WHAT IS EXPECTED: What lines in the data below mention the string "units"? Copy them out.

DATA FOR PROCESSING:
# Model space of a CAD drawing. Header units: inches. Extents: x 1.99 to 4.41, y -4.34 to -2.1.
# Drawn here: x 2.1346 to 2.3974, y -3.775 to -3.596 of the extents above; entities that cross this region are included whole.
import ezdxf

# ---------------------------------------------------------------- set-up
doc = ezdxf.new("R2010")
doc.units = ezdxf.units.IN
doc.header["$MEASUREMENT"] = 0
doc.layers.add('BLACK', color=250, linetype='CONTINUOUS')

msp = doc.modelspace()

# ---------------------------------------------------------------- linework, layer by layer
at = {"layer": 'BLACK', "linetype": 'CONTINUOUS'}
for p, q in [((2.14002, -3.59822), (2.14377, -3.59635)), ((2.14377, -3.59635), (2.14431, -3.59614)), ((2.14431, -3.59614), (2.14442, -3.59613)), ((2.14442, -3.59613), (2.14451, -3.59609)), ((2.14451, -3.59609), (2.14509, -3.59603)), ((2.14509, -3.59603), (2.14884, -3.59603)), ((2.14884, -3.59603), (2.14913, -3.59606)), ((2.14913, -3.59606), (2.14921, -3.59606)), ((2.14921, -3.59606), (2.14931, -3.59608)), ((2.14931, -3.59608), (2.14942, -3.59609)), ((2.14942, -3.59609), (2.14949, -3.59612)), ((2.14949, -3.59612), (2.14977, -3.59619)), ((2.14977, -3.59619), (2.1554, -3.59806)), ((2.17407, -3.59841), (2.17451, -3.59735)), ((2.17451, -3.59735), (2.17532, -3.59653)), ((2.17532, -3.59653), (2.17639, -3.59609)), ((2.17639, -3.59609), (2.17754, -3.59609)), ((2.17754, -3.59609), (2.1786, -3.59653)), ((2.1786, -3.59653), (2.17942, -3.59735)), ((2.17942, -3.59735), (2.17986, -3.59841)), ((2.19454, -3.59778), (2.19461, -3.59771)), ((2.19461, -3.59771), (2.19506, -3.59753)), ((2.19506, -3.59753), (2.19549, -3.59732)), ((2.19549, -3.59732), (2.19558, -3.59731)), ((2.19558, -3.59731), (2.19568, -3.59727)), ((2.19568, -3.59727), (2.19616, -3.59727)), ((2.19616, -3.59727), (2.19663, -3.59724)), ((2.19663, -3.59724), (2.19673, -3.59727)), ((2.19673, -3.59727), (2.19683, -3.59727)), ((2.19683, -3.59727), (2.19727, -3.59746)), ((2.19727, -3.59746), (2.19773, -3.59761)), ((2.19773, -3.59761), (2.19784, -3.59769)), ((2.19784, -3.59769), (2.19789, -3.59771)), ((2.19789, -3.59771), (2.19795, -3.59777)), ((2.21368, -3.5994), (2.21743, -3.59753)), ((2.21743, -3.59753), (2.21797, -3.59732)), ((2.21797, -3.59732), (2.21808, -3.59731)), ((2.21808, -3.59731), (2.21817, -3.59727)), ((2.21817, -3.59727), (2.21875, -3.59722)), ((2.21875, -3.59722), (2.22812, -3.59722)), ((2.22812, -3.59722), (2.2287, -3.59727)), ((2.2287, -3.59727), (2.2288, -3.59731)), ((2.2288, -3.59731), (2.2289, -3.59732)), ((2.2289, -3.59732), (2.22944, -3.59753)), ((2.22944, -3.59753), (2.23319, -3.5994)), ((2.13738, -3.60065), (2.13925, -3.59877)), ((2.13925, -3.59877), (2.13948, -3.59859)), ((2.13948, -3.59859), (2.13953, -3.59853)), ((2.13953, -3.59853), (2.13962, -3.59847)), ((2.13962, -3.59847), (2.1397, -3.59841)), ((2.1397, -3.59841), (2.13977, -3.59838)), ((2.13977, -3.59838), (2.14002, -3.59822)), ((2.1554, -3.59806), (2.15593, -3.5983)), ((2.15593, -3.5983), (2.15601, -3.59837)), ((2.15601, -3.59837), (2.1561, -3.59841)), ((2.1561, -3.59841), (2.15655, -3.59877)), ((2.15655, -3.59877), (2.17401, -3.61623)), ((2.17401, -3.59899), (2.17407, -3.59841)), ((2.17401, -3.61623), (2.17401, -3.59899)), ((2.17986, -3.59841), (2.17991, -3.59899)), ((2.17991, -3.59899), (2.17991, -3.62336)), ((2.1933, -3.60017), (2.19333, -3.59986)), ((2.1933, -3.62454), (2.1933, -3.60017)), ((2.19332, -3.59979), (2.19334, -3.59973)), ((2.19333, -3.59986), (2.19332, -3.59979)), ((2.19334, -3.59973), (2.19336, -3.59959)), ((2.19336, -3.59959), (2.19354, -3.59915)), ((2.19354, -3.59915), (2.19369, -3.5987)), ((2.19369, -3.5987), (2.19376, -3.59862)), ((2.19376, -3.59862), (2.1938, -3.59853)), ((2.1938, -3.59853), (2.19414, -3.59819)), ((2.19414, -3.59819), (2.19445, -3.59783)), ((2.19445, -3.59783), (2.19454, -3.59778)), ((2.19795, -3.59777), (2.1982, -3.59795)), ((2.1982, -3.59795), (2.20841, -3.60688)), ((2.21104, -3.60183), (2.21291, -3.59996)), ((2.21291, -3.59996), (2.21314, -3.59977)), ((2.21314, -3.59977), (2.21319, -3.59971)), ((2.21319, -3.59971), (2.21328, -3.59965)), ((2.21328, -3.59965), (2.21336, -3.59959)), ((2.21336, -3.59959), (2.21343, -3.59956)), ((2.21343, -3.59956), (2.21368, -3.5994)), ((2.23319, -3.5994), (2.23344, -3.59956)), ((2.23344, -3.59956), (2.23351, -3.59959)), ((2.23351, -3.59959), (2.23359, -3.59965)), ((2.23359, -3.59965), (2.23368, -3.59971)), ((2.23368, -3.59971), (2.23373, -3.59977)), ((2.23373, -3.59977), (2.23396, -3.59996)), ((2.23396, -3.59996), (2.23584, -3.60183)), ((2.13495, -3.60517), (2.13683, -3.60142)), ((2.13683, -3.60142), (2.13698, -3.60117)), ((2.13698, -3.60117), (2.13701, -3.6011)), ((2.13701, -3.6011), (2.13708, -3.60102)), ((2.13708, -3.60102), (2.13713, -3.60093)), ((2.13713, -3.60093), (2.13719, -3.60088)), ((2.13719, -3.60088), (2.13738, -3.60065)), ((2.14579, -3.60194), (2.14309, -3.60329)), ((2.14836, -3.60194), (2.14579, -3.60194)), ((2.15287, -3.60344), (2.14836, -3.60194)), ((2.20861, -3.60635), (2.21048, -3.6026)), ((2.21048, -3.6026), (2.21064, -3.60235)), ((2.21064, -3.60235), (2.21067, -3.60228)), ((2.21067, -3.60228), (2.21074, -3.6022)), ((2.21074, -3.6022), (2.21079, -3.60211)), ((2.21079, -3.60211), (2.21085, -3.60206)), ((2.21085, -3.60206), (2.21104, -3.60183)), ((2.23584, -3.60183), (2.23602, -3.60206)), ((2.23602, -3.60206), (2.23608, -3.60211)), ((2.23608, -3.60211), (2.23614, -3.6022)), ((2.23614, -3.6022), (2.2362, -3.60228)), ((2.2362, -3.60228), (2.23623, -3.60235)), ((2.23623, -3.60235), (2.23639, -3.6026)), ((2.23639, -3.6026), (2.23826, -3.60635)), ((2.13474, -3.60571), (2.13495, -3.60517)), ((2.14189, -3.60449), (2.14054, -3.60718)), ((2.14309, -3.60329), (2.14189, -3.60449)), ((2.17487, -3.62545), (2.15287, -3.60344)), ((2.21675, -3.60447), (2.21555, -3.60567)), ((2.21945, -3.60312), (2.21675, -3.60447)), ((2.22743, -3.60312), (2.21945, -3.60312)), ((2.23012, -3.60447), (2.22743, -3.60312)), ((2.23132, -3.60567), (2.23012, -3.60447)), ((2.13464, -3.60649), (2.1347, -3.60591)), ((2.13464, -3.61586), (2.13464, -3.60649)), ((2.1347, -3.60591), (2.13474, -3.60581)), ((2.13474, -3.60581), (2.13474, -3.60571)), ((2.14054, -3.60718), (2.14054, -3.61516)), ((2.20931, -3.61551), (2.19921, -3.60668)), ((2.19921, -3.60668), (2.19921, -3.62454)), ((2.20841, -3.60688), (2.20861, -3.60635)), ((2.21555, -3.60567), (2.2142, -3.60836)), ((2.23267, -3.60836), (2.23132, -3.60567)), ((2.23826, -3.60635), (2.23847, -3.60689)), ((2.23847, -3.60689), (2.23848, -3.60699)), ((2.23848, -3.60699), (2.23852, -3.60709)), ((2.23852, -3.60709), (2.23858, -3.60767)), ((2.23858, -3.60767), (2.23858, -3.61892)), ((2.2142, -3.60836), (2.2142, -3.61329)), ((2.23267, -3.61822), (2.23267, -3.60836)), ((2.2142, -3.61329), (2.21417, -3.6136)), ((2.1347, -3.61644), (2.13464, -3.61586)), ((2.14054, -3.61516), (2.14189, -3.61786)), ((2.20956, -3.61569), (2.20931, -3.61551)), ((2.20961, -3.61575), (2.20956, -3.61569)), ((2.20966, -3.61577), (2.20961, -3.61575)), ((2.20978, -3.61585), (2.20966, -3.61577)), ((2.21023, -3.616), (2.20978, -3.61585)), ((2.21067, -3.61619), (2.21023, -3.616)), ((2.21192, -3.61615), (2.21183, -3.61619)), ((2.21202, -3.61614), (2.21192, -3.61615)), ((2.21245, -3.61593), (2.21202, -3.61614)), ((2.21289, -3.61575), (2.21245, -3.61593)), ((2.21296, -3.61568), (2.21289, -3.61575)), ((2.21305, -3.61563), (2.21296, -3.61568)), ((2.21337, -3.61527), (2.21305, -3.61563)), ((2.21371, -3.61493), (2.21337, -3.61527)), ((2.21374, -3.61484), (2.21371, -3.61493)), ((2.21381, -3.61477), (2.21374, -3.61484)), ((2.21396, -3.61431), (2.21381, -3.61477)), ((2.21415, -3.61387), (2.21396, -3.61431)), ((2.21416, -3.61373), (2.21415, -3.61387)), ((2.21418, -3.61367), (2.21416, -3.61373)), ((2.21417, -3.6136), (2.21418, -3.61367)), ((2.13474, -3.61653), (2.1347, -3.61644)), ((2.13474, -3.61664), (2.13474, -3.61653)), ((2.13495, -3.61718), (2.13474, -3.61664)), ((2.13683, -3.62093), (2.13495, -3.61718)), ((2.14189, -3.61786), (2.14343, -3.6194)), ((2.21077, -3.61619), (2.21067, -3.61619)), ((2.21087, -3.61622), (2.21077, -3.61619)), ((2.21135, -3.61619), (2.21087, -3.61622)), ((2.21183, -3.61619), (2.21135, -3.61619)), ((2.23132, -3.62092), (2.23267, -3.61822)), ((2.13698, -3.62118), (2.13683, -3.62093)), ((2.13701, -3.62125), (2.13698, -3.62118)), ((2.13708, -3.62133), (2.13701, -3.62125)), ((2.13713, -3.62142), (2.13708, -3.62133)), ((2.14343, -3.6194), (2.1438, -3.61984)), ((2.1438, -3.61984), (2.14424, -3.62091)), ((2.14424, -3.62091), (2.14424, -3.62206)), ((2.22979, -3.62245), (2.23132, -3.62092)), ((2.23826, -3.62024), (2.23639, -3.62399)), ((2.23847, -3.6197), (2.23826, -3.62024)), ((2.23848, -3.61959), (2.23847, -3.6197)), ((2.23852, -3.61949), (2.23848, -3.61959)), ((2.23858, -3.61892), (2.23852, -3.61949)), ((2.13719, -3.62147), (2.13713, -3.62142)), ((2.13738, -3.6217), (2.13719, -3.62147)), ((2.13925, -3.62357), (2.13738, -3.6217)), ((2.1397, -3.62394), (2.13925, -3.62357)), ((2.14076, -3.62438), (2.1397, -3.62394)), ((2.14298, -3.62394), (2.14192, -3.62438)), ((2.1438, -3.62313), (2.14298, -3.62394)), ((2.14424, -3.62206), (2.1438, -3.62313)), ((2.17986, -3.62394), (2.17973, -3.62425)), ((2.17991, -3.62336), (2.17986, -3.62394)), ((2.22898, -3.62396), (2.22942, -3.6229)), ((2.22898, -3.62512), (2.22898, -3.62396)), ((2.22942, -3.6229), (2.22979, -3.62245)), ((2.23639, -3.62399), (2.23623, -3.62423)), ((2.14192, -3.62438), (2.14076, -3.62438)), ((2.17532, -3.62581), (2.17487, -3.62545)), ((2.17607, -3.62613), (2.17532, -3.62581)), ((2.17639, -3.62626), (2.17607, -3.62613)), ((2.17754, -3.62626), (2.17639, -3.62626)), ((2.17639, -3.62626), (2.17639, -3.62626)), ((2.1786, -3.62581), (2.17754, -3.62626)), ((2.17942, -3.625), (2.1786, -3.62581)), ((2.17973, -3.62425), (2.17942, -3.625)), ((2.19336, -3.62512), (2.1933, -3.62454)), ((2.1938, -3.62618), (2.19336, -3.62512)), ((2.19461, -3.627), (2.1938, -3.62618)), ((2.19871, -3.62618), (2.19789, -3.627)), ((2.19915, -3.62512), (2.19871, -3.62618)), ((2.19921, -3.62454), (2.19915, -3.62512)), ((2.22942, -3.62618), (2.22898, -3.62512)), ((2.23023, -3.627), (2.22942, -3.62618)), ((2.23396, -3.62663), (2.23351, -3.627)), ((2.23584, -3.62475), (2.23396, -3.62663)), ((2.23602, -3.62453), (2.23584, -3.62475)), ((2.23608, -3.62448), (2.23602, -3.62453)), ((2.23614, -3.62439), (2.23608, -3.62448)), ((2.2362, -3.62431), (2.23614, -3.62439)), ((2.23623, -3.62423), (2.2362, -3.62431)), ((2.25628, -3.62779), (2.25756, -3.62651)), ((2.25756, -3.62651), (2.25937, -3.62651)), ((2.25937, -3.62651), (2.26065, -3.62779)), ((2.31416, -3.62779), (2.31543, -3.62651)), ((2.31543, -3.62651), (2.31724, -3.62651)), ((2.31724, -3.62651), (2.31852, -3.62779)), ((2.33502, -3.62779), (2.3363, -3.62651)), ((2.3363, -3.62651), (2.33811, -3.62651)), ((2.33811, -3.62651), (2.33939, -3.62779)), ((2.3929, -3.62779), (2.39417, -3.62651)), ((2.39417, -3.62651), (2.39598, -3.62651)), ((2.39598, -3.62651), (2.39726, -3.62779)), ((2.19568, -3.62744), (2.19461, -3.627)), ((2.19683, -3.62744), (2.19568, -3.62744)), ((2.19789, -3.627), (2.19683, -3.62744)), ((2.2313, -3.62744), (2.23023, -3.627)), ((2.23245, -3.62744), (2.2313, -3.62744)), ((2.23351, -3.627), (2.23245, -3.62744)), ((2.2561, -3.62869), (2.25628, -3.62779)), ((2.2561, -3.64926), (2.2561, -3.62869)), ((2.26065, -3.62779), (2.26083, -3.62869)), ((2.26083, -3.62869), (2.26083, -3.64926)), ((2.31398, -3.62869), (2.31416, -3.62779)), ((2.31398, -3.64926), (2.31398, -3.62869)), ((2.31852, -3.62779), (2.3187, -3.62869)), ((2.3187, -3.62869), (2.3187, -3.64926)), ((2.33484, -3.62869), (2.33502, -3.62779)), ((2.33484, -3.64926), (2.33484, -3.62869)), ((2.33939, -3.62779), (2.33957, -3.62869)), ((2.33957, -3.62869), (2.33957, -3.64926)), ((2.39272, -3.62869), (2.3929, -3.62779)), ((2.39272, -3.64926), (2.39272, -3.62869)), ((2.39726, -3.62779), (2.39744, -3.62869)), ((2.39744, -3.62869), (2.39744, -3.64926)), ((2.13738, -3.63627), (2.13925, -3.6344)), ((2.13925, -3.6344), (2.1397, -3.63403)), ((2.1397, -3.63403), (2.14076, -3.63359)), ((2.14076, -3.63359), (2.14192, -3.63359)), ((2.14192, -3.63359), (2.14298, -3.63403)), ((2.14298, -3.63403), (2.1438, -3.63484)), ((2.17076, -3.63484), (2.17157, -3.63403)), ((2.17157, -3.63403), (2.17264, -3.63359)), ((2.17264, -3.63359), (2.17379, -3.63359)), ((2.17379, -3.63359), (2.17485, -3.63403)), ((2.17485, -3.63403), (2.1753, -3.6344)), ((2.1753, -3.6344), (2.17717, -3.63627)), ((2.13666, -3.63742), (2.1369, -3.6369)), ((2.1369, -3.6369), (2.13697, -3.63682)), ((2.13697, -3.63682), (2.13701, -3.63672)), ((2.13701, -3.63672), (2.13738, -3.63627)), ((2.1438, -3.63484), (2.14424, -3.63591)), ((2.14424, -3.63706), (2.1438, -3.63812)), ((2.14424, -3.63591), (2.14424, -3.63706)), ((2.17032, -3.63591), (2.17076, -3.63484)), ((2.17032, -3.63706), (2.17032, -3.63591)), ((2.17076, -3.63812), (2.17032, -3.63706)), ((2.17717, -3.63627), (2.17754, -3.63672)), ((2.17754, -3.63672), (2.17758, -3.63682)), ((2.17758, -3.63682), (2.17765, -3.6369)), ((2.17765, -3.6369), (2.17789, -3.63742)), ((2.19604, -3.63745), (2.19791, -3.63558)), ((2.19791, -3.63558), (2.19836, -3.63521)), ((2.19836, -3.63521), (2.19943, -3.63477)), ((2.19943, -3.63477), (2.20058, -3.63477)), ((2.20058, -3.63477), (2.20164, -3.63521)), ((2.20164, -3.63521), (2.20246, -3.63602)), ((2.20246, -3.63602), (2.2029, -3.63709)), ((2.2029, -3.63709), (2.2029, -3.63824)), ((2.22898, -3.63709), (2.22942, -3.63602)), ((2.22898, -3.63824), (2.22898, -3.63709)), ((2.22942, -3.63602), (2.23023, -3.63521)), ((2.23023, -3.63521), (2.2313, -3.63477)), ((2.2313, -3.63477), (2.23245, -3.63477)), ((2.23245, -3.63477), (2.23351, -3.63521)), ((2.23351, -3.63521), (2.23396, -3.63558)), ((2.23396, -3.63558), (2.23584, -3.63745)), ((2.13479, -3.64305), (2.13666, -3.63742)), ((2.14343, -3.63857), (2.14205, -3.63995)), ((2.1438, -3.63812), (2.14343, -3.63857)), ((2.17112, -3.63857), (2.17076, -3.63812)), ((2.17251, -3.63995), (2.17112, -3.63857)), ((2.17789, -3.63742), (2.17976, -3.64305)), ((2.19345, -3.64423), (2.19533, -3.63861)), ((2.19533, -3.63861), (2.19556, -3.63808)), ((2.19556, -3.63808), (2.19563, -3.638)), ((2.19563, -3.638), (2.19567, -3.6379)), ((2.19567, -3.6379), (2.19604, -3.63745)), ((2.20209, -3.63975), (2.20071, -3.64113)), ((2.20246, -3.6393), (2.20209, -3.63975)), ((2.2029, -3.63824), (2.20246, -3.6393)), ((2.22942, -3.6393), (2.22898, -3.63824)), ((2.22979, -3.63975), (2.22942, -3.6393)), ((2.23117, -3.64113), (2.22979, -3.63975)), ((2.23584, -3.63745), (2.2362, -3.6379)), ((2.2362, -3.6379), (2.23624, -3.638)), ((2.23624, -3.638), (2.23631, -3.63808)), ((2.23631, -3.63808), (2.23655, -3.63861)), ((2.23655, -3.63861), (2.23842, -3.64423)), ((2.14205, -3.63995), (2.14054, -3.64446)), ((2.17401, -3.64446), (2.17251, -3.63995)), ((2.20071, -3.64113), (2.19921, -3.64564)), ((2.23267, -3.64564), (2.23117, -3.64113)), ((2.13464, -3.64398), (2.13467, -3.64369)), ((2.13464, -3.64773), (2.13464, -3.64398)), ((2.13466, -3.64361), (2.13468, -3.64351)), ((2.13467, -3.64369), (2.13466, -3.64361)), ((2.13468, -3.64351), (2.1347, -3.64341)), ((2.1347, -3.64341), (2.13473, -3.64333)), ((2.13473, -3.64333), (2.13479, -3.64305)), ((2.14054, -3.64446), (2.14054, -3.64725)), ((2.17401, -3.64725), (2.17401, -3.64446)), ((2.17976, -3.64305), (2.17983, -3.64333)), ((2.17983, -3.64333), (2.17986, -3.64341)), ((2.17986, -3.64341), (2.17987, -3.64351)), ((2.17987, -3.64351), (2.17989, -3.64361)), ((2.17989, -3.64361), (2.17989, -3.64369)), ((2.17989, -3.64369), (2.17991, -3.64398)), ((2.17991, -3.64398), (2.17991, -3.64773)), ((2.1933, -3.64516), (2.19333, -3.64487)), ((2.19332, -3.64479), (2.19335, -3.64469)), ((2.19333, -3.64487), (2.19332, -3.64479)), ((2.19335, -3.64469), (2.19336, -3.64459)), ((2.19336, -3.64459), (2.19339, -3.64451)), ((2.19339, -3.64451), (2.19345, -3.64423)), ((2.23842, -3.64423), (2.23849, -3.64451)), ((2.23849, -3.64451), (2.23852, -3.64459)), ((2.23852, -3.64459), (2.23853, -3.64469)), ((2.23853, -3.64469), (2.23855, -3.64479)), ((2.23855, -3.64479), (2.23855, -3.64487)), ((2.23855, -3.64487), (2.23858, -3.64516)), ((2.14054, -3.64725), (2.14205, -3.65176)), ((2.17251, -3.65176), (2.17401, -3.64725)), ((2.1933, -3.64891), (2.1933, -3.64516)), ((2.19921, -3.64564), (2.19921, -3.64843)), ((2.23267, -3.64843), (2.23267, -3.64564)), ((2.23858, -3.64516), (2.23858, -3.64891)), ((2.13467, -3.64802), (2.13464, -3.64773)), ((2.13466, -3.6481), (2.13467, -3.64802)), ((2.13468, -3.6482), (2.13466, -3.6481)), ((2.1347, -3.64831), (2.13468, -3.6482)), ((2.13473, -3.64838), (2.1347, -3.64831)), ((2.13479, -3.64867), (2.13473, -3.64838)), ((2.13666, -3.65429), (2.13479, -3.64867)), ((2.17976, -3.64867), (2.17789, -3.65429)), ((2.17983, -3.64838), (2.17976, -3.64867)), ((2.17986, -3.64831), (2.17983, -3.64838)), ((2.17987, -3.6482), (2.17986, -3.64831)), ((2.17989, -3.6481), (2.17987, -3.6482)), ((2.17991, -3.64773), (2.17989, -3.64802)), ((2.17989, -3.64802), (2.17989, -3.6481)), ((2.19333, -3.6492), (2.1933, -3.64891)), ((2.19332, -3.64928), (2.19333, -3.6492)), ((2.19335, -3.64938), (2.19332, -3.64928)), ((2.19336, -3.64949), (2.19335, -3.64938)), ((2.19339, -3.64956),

RESULT BELOW:
# Model space of a CAD drawing. Header units: inches. Extents: x 1.99 to 4.41, y -4.34 to -2.1.
doc.units = ezdxf.units.IN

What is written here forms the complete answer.